Copilot is just terrible... at least from a software developer point of view, which is all I've really used it for.

It's outright wrong about most things beyond very basic queries (which would be quicker to get an answer for with a quick web search).

But what's most infuriating is how often it tells you something is the answer to your query, you try it, tell it that it's wrong and it replies "Oh yes, sorry for the confusion, here's the correct answer". So it has got the correct data to give you accurate answers, but for some reason it just doesn't.
One thing I found it useful is when I am not sure what I look for.
I cant form the right question therefore, I kind of ask bizarre questions trying to find what it is I am looking for.
As for the rest, I too do not have a lot of uses for it.
 
Copilot is just terrible... at least from a software developer point of view, which is all I've really used it for.

It's outright wrong about most things beyond very basic queries (which would be quicker to get an answer for with a quick web search).

But what's most infuriating is how often it tells you something is the answer to your query, you try it, tell it that it's wrong and it replies "Oh yes, sorry for the confusion, here's the correct answer". So it has got the correct data to give you accurate answers, but for some reason it just doesn't.
It really doesn't have any correct answers.

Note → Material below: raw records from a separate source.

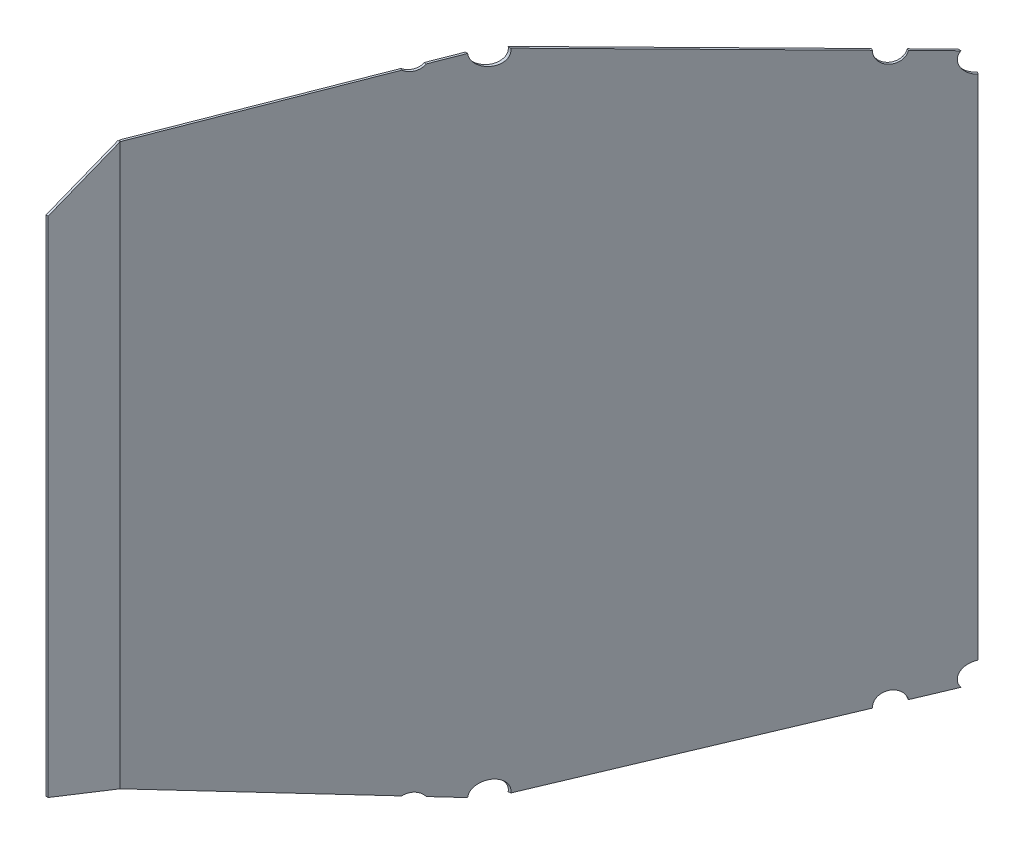
ISO-10303-21;
HEADER;
FILE_DESCRIPTION(('STEP AP214'),'2;1');
FILE_NAME('part.step','',(''),(''),'','','');
FILE_SCHEMA(('AUTOMOTIVE_DESIGN { 1 0 10303 214 1 1 1 1 }'));
ENDSEC;
DATA;
#1=APPLICATION_CONTEXT('core data for automotive mechanical design processes');
#2=APPLICATION_PROTOCOL_DEFINITION('international standard','automotive_design',2000,#1);
#3=PRODUCT_CONTEXT('',#1,'mechanical');
#4=PRODUCT('Part','Part','',(#3));
#5=PRODUCT_RELATED_PRODUCT_CATEGORY('part','',(#4));
#6=PRODUCT_DEFINITION_FORMATION('','',#4);
#7=PRODUCT_DEFINITION_CONTEXT('part definition',#1,'design');
#8=PRODUCT_DEFINITION('design','',#6,#7);
#9=PRODUCT_DEFINITION_SHAPE('','',#8);
#10=(LENGTH_UNIT() NAMED_UNIT(*) SI_UNIT(.MILLI.,.METRE.));
#11=(NAMED_UNIT(*) PLANE_ANGLE_UNIT() SI_UNIT($,.RADIAN.));
#12=(NAMED_UNIT(*) SI_UNIT($,.STERADIAN.) SOLID_ANGLE_UNIT());
#13=UNCERTAINTY_MEASURE_WITH_UNIT(LENGTH_MEASURE(1.E-05),#10,'distance_accuracy_value','');
#14=(GEOMETRIC_REPRESENTATION_CONTEXT(3) GLOBAL_UNCERTAINTY_ASSIGNED_CONTEXT((#13)) GLOBAL_UNIT_ASSIGNED_CONTEXT((#10,
#11,#12)) REPRESENTATION_CONTEXT('',''));
#15=CARTESIAN_POINT('',(0.,0.,0.));
#16=DIRECTION('',(0.,0.,1.));
#17=DIRECTION('',(1.,0.,0.));
#18=AXIS2_PLACEMENT_3D('',#15,#16,#17);
#19=CARTESIAN_POINT('',(10.5410000000001,0.,525.07591607291));
#20=DIRECTION('',(0.,0.,-1.));
#21=DIRECTION('',(-1.,0.,0.));
#22=AXIS2_PLACEMENT_3D('',#19,#20,#21);
#23=PLANE('',#22);
#24=DIRECTION('',(0.,1.,0.));
#25=VECTOR('',#24,1.);
#26=CARTESIAN_POINT('',(12.7000000000001,0.,525.07591607291));
#27=LINE('',#26,#25);
#28=CARTESIAN_POINT('',(12.7000000000001,-279.4,525.07591607291));
#29=VERTEX_POINT('',#28);
#30=CARTESIAN_POINT('',(12.7000000000001,279.4,525.07591607291));
#31=VERTEX_POINT('',#30);
#32=EDGE_CURVE('E122',#29,#31,#27,.T.);
#33=ORIENTED_EDGE('',*,*,#32,.F.);
#34=DIRECTION('',(1.,0.,0.));
#35=VECTOR('',#34,1.);
#36=CARTESIAN_POINT('',(10.5410000000001,-279.4,525.07591607291));
#37=LINE('',#36,#35);
#38=CARTESIAN_POINT('',(10.5410000000001,-279.4,525.07591607291));
#39=VERTEX_POINT('',#38);
#40=EDGE_CURVE('E12',#39,#29,#37,.T.);
#41=ORIENTED_EDGE('',*,*,#40,.F.);
#42=DIRECTION('',(0.,1.,0.));
#43=VECTOR('',#42,1.);
#44=CARTESIAN_POINT('',(10.5410000000001,0.,525.07591607291));
#45=LINE('',#44,#43);
#46=CARTESIAN_POINT('',(10.5410000000001,279.4,525.07591607291));
#47=VERTEX_POINT('',#46);
#48=EDGE_CURVE('E107',#39,#47,#45,.T.);
#49=ORIENTED_EDGE('',*,*,#48,.T.);
#50=DIRECTION('',(1.,0.,0.));
#51=VECTOR('',#50,1.);
#52=CARTESIAN_POINT('',(10.5410000000001,279.4,525.07591607291));
#53=LINE('',#52,#51);
#54=EDGE_CURVE('E75',#47,#31,#53,.T.);
#55=ORIENTED_EDGE('',*,*,#54,.T.);
#56=EDGE_LOOP('',(#33,#41,#49,#55));
#57=FACE_BOUND('',#56,.T.);
#58=ADVANCED_FACE('F59',(#57),#23,.T.);
#59=CARTESIAN_POINT('',(10.5410000000001,-421.142218376144,166.451813741526));
#60=DIRECTION('',(0.,0.929995652978715,-0.367570517643477));
#61=DIRECTION('',(0.,0.367570517643477,0.929995652978715));
#62=AXIS2_PLACEMENT_3D('',#59,#60,#61);
#63=PLANE('',#62);
#64=DIRECTION('',(0.,0.367570517643477,0.929995652978715));
#65=VECTOR('',#64,1.);
#66=CARTESIAN_POINT('',(12.7000000000001,-421.142218376144,166.451813741526));
#67=LINE('',#66,#65);
#68=CARTESIAN_POINT('',(12.7000000000001,-251.012323537438,596.9));
#69=VERTEX_POINT('',#68);
#70=EDGE_CURVE('E113',#29,#69,#67,.T.);
#71=ORIENTED_EDGE('',*,*,#70,.T.);
#72=DIRECTION('',(1.,0.,0.));
#73=VECTOR('',#72,1.);
#74=CARTESIAN_POINT('',(10.5410000000001,-251.012323537438,596.9));
#75=LINE('',#74,#73);
#76=CARTESIAN_POINT('',(10.5410000000001,-251.012323537438,596.9));
#77=VERTEX_POINT('',#76);
#78=EDGE_CURVE('E67',#77,#69,#75,.T.);
#79=ORIENTED_EDGE('',*,*,#78,.F.);
#80=DIRECTION('',(0.,0.367570517643477,0.929995652978715));
#81=VECTOR('',#80,1.);
#82=CARTESIAN_POINT('',(10.5410000000001,-421.142218376144,166.451813741526));
#83=LINE('',#82,#81);
#84=EDGE_CURVE('E101',#39,#77,#83,.T.);
#85=ORIENTED_EDGE('',*,*,#84,.F.);
#86=ORIENTED_EDGE('',*,*,#40,.T.);
#87=EDGE_LOOP('',(#71,#79,#85,#86));
#88=FACE_BOUND('',#87,.T.);
#89=ADVANCED_FACE('F111',(#88),#63,.F.);
#90=CARTESIAN_POINT('',(10.5410000000001,0.,596.9));
#91=DIRECTION('',(0.,0.,1.));
#92=DIRECTION('',(1.,0.,0.));
#93=AXIS2_PLACEMENT_3D('',#90,#91,#92);
#94=PLANE('',#93);
#95=DIRECTION('',(0.,-1.,0.));
#96=VECTOR('',#95,1.);
#97=CARTESIAN_POINT('',(12.7000000000001,0.,596.9));
#98=LINE('',#97,#96);
#99=CARTESIAN_POINT('',(12.7000000000001,251.012323537438,596.9));
#100=VERTEX_POINT('',#99);
#101=EDGE_CURVE('E125',#100,#69,#98,.T.);
#102=ORIENTED_EDGE('',*,*,#101,.F.);
#103=DIRECTION('',(1.,0.,0.));
#104=VECTOR('',#103,1.);
#105=CARTESIAN_POINT('',(10.5410000000001,251.012323537438,596.9));
#106=LINE('',#105,#104);
#107=CARTESIAN_POINT('',(10.5410000000001,251.012323537438,596.9));
#108=VERTEX_POINT('',#107);
#109=EDGE_CURVE('E88',#108,#100,#106,.T.);
#110=ORIENTED_EDGE('',*,*,#109,.F.);
#111=DIRECTION('',(0.,-1.,0.));
#112=VECTOR('',#111,1.);
#113=CARTESIAN_POINT('',(10.5410000000001,0.,596.9));
#114=LINE('',#113,#112);
#115=EDGE_CURVE('E106',#108,#77,#114,.T.);
#116=ORIENTED_EDGE('',*,*,#115,.T.);
#117=ORIENTED_EDGE('',*,*,#78,.T.);
#118=EDGE_LOOP('',(#102,#110,#116,#117));
#119=FACE_BOUND('',#118,.T.);
#120=ADVANCED_FACE('F116',(#119),#94,.T.);
#121=CARTESIAN_POINT('',(10.5410000000001,421.142218376144,166.451813741526));
#122=DIRECTION('',(0.,0.929995652978715,0.367570517643477));
#123=DIRECTION('',(0.,-0.367570517643477,0.929995652978715));
#124=AXIS2_PLACEMENT_3D('',#121,#122,#123);
#125=PLANE('',#124);
#126=DIRECTION('',(0.,-0.367570517643477,0.929995652978715));
#127=VECTOR('',#126,1.);
#128=CARTESIAN_POINT('',(12.7000000000001,421.142218376144,166.451813741526));
#129=LINE('',#128,#127);
#130=EDGE_CURVE('E127',#31,#100,#129,.T.);
#131=ORIENTED_EDGE('',*,*,#130,.F.);
#132=ORIENTED_EDGE('',*,*,#54,.F.);
#133=DIRECTION('',(0.,-0.367570517643477,0.929995652978715));
#134=VECTOR('',#133,1.);
#135=CARTESIAN_POINT('',(10.5410000000001,421.142218376144,166.451813741526));
#136=LINE('',#135,#134);
#137=EDGE_CURVE('E117',#47,#108,#136,.T.);
#138=ORIENTED_EDGE('',*,*,#137,.T.);
#139=ORIENTED_EDGE('',*,*,#109,.T.);
#140=EDGE_LOOP('',(#131,#132,#138,#139));
#141=FACE_BOUND('',#140,.T.);
#142=ADVANCED_FACE('F132',(#141),#125,.T.);
#143=CARTESIAN_POINT('',(10.5410000000001,0.,0.));
#144=DIRECTION('',(-1.,0.,0.));
#145=DIRECTION('',(0.,0.,1.));
#146=AXIS2_PLACEMENT_3D('',#143,#144,#145);
#147=PLANE('',#146);
#148=ORIENTED_EDGE('',*,*,#48,.F.);
#149=ORIENTED_EDGE('',*,*,#84,.T.);
#150=ORIENTED_EDGE('',*,*,#115,.F.);
#151=ORIENTED_EDGE('',*,*,#137,.F.);
#152=EDGE_LOOP('',(#148,#149,#150,#151));
#153=FACE_BOUND('',#152,.T.);
#154=ADVANCED_FACE('F103',(#153),#147,.T.);
#155=CARTESIAN_POINT('',(12.7000000000001,0.,0.));
#156=DIRECTION('',(-1.,0.,0.));
#157=DIRECTION('',(0.,0.,1.));
#158=AXIS2_PLACEMENT_3D('',#155,#156,#157);
#159=PLANE('',#158);
#160=ORIENTED_EDGE('',*,*,#32,.T.);
#161=ORIENTED_EDGE('',*,*,#130,.T.);
#162=ORIENTED_EDGE('',*,*,#101,.T.);
#163=ORIENTED_EDGE('',*,*,#70,.F.);
#164=EDGE_LOOP('',(#160,#161,#162,#163));
#165=FACE_BOUND('',#164,.T.);
#166=ADVANCED_FACE('F139',(#165),#159,.F.);
#167=CLOSED_SHELL('',(#58,#89,#120,#142,#154,#166));
#168=MANIFOLD_SOLID_BREP('B2',#167);
#169=CARTESIAN_POINT('',(217.78075440518,-341.812437501323,214.772548142192));
#170=DIRECTION('',(-0.0920442080609493,-0.986211904406888,0.137527973040296));
#171=DIRECTION('',(0.,-0.138114278991666,-0.990416299309847));
#172=AXIS2_PLACEMENT_3D('',#169,#170,#171);
#173=PLANE('',#172);
#174=CARTESIAN_POINT('',(180.084004303636,-316.675903331611,369.796877031891));
#175=DIRECTION('',(-0.0920442080609493,-0.986211904406888,0.137527973040296));
#176=DIRECTION('',(0.929484119287357,-0.0355511155803089,0.36714491712892));
#177=AXIS2_PLACEMENT_3D('',#174,#175,#176);
#178=ELLIPSE('',#177,73.4026636446802,12.954);
#179=CARTESIAN_POINT('',(125.171787956182,-313.331789130021,357.026047996591));
#180=VERTEX_POINT('',#179);
#181=CARTESIAN_POINT('',(123.373881738882,-313.330680840839,355.830699571687));
#182=VERTEX_POINT('',#181);
#183=EDGE_CURVE('E314',#180,#182,#178,.T.);
#184=ORIENTED_EDGE('',*,*,#183,.F.);
#185=DIRECTION('',(0.548531753129779,-0.165487400143152,-0.819589431485199));
#186=VECTOR('',#185,1.);
#187=CARTESIAN_POINT('',(219.574987038825,-341.812437501323,215.973385456886));
#188=LINE('',#187,#186);
#189=CARTESIAN_POINT('',(12.7000000000003,-279.4,525.07591607291));
#190=VERTEX_POINT('',#189);
#191=EDGE_CURVE('E322',#190,#180,#188,.T.);
#192=ORIENTED_EDGE('',*,*,#191,.F.);
#193=DIRECTION('',(0.831048000762172,0.,0.55620070157201));
#194=VECTOR('',#193,1.);
#195=CARTESIAN_POINT('',(10.9057673663548,-279.4,523.875078758216));
#196=LINE('',#195,#194);
#197=CARTESIAN_POINT('',(10.9057673663548,-279.4,523.875078758216));
#198=VERTEX_POINT('',#197);
#199=EDGE_CURVE('E357',#198,#190,#196,.T.);
#200=ORIENTED_EDGE('',*,*,#199,.F.);
#201=DIRECTION('',(0.548531753129779,-0.165487400143152,-0.819589431485199));
#202=VECTOR('',#201,1.);
#203=CARTESIAN_POINT('',(217.78075440518,-341.812437501323,214.772548142192));
#204=LINE('',#203,#202);
#205=EDGE_CURVE('E324',#198,#182,#204,.T.);
#206=ORIENTED_EDGE('',*,*,#205,.T.);
#207=EDGE_LOOP('',(#184,#192,#200,#206));
#208=FACE_BOUND('',#207,.T.);
#209=ADVANCED_FACE('F189',(#208),#173,.T.);
#210=CARTESIAN_POINT('',(273.305054320382,-293.960977005014,131.810843297464));
#211=DIRECTION('',(-0.0795337615759115,0.989723451821371,0.118835473173525));
#212=DIRECTION('',(0.,-0.1192131197344,0.992868688237871));
#213=AXIS2_PLACEMENT_3D('',#210,#211,#212);
#214=PLANE('',#213);
#215=DIRECTION('',(-0.550484878265318,-0.142994716387668,0.822507695943587));
#216=VECTOR('',#215,1.);
#217=CARTESIAN_POINT('',(275.099286954028,-293.960977005014,133.011680612158));
#218=LINE('',#217,#216);
#219=CARTESIAN_POINT('',(348.785125813966,-274.820241181775,22.9138887611936));
#220=VERTEX_POINT('',#219);
#221=CARTESIAN_POINT('',(327.80523946776,-280.270005591971,54.2610131983872));
#222=VERTEX_POINT('',#221);
#223=EDGE_CURVE('E339',#220,#222,#218,.T.);
#224=ORIENTED_EDGE('',*,*,#223,.T.);
#225=CARTESIAN_POINT('',(333.441864812654,-281.820955652056,70.9505892178949));
#226=DIRECTION('',(-0.0795337615759115,0.989723451821371,0.118835473173525));
#227=DIRECTION('',(0.90767615796685,0.0226240813282437,0.419061025630624));
#228=AXIS2_PLACEMENT_3D('',#225,#226,#227);
#229=ELLIPSE('',#228,165.338648410125,12.954);
#230=CARTESIAN_POINT('',(325.81292932087,-280.321458481864,53.3561336574114));
#231=VERTEX_POINT('',#230);
#232=EDGE_CURVE('E477',#222,#231,#229,.T.);
#233=ORIENTED_EDGE('',*,*,#232,.T.);
#234=DIRECTION('',(-0.550484878265318,-0.142994716387668,0.822507695943587));
#235=VECTOR('',#234,1.);
#236=CARTESIAN_POINT('',(273.305054320382,-293.960977005014,131.810843297464));
#237=LINE('',#236,#235);
#238=CARTESIAN_POINT('',(346.192891207091,-275.027531282455,22.9053871314096));
#239=VERTEX_POINT('',#238);
#240=EDGE_CURVE('E421',#239,#231,#237,.T.);
#241=ORIENTED_EDGE('',*,*,#240,.F.);
#242=CARTESIAN_POINT('',(296.864587760411,-277.246265668834,8.36989513072368));
#243=DIRECTION('',(-0.0795337615759115,0.989723451821371,0.118835473173525));
#244=DIRECTION('',(0.995554786287447,0.072832158220692,0.0597172021202568));
#245=AXIS2_PLACEMENT_3D('',#242,#243,#244);
#246=ELLIPSE('',#245,114.450133275038,12.954);
#247=EDGE_CURVE('E470',#239,#220,#246,.T.);
#248=ORIENTED_EDGE('',*,*,#247,.T.);
#249=EDGE_LOOP('',(#224,#233,#241,#248));
#250=FACE_BOUND('',#249,.T.);
#251=ADVANCED_FACE('F538',(#250),#214,.F.);
#252=CARTESIAN_POINT('',(217.78075440518,341.812437501323,214.772548142192));
#253=DIRECTION('',(0.0920442080609493,-0.986211904406888,-0.137527973040296));
#254=DIRECTION('',(0.,0.138114278991666,-0.990416299309847));
#255=AXIS2_PLACEMENT_3D('',#252,#253,#254);
#256=PLANE('',#255);
#257=CARTESIAN_POINT('',(180.084004303636,316.675903331611,369.796877031891));
#258=DIRECTION('',(0.0920442080609493,-0.986211904406888,-0.137527973040296));
#259=DIRECTION('',(0.929484119287357,0.0355511155803089,0.36714491712892));
#260=AXIS2_PLACEMENT_3D('',#257,#258,#259);
#261=ELLIPSE('',#260,73.4026636446802,12.954);
#262=CARTESIAN_POINT('',(135.029482840484,316.305772474649,342.297160380001));
#263=VERTEX_POINT('',#262);
#264=CARTESIAN_POINT('',(132.734915399894,316.154825686373,341.843898967041));
#265=VERTEX_POINT('',#264);
#266=EDGE_CURVE('E460',#263,#265,#261,.F.);
#267=ORIENTED_EDGE('',*,*,#266,.F.);
#268=DIRECTION('',(0.548531753129779,0.165487400143152,-0.819589431485199));
#269=VECTOR('',#268,1.);
#270=CARTESIAN_POINT('',(219.574987038825,341.812437501323,215.973385456886));
#271=LINE('',#270,#269);
#272=CARTESIAN_POINT('',(151.584505427097,321.300283059566,317.561451877132));
#273=VERTEX_POINT('',#272);
#274=EDGE_CURVE('E337',#263,#273,#271,.T.);
#275=ORIENTED_EDGE('',*,*,#274,.T.);
#276=CARTESIAN_POINT('',(147.589152739267,322.730018641027,304.634835674143));
#277=DIRECTION('',(0.0920442080609493,-0.986211904406888,-0.137527973040296));
#278=DIRECTION('',(0.995554113494674,0.0883700859270627,0.0325996168241001));
#279=AXIS2_PLACEMENT_3D('',#276,#277,#278);
#280=ELLIPSE('',#279,56.5707851875169,12.954);
#281=CARTESIAN_POINT('',(149.022082967497,321.068526672833,317.508406388771));
#282=VERTEX_POINT('',#281);
#283=EDGE_CURVE('E452',#282,#273,#280,.F.);
#284=ORIENTED_EDGE('',*,*,#283,.F.);
#285=DIRECTION('',(0.548531753129779,0.165487400143152,-0.819589431485199));
#286=VECTOR('',#285,1.);
#287=CARTESIAN_POINT('',(217.78075440518,341.812437501323,214.772548142192));
#288=LINE('',#287,#286);
#289=EDGE_CURVE('E414',#265,#282,#288,.T.);
#290=ORIENTED_EDGE('',*,*,#289,.F.);
#291=EDGE_LOOP('',(#267,#275,#284,#290));
#292=FACE_BOUND('',#291,.T.);
#293=ADVANCED_FACE('F517',(#292),#256,.F.);
#294=CARTESIAN_POINT('',(273.305054320382,293.960977005014,131.810843297464));
#295=DIRECTION('',(0.0795337615759115,0.989723451821371,-0.118835473173525));
#296=DIRECTION('',(0.,0.1192131197344,0.992868688237871));
#297=AXIS2_PLACEMENT_3D('',#294,#295,#296);
#298=PLANE('',#297);
#299=DIRECTION('',(-0.550484878265318,0.142994716387668,0.822507695943587));
#300=VECTOR('',#299,1.);
#301=CARTESIAN_POINT('',(273.305054320382,293.960977005014,131.810843297464));
#302=LINE('',#301,#300);
#303=CARTESIAN_POINT('',(311.440797781742,284.05478332777,74.8302726660928));
#304=VERTEX_POINT('',#303);
#305=CARTESIAN_POINT('',(166.233377232908,321.774064526186,291.792128704522));
#306=VERTEX_POINT('',#305);
#307=EDGE_CURVE('E409',#304,#306,#302,.T.);
#308=ORIENTED_EDGE('',*,*,#307,.T.);
#309=CARTESIAN_POINT('',(113.344182062824,327.565232050473,304.626492324102));
#310=DIRECTION('',(0.0795337615759115,0.989723451821371,-0.118835473173525));
#311=DIRECTION('',(0.996697180519597,-0.0809177469176293,-0.00685919660457928));
#312=AXIS2_PLACEMENT_3D('',#309,#310,#311);
#313=ELLIPSE('',#312,217.176234772577,12.954);
#314=CARTESIAN_POINT('',(168.816536568898,321.569131830473,291.814190162088));
#315=VERTEX_POINT('',#314);
#316=EDGE_CURVE('E448',#306,#315,#313,.F.);
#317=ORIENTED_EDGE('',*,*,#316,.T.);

It calculates probabilities of word combinations, tokens, and spits one out. When corrected, it's often right the second time. That just artificial stupidity.
 
Tried paid Copilot, and ChatGPT, Copilot prompts were annoying, filled with emojis, embedded web links, and inaccuracies. As a developer, it was a nightmare to work with compared to ChatGPT. For a normal person Copilot is probably fine, but I wouldn’t pay for it if I wasn’t using it heavily for dev work (ChatGPT either).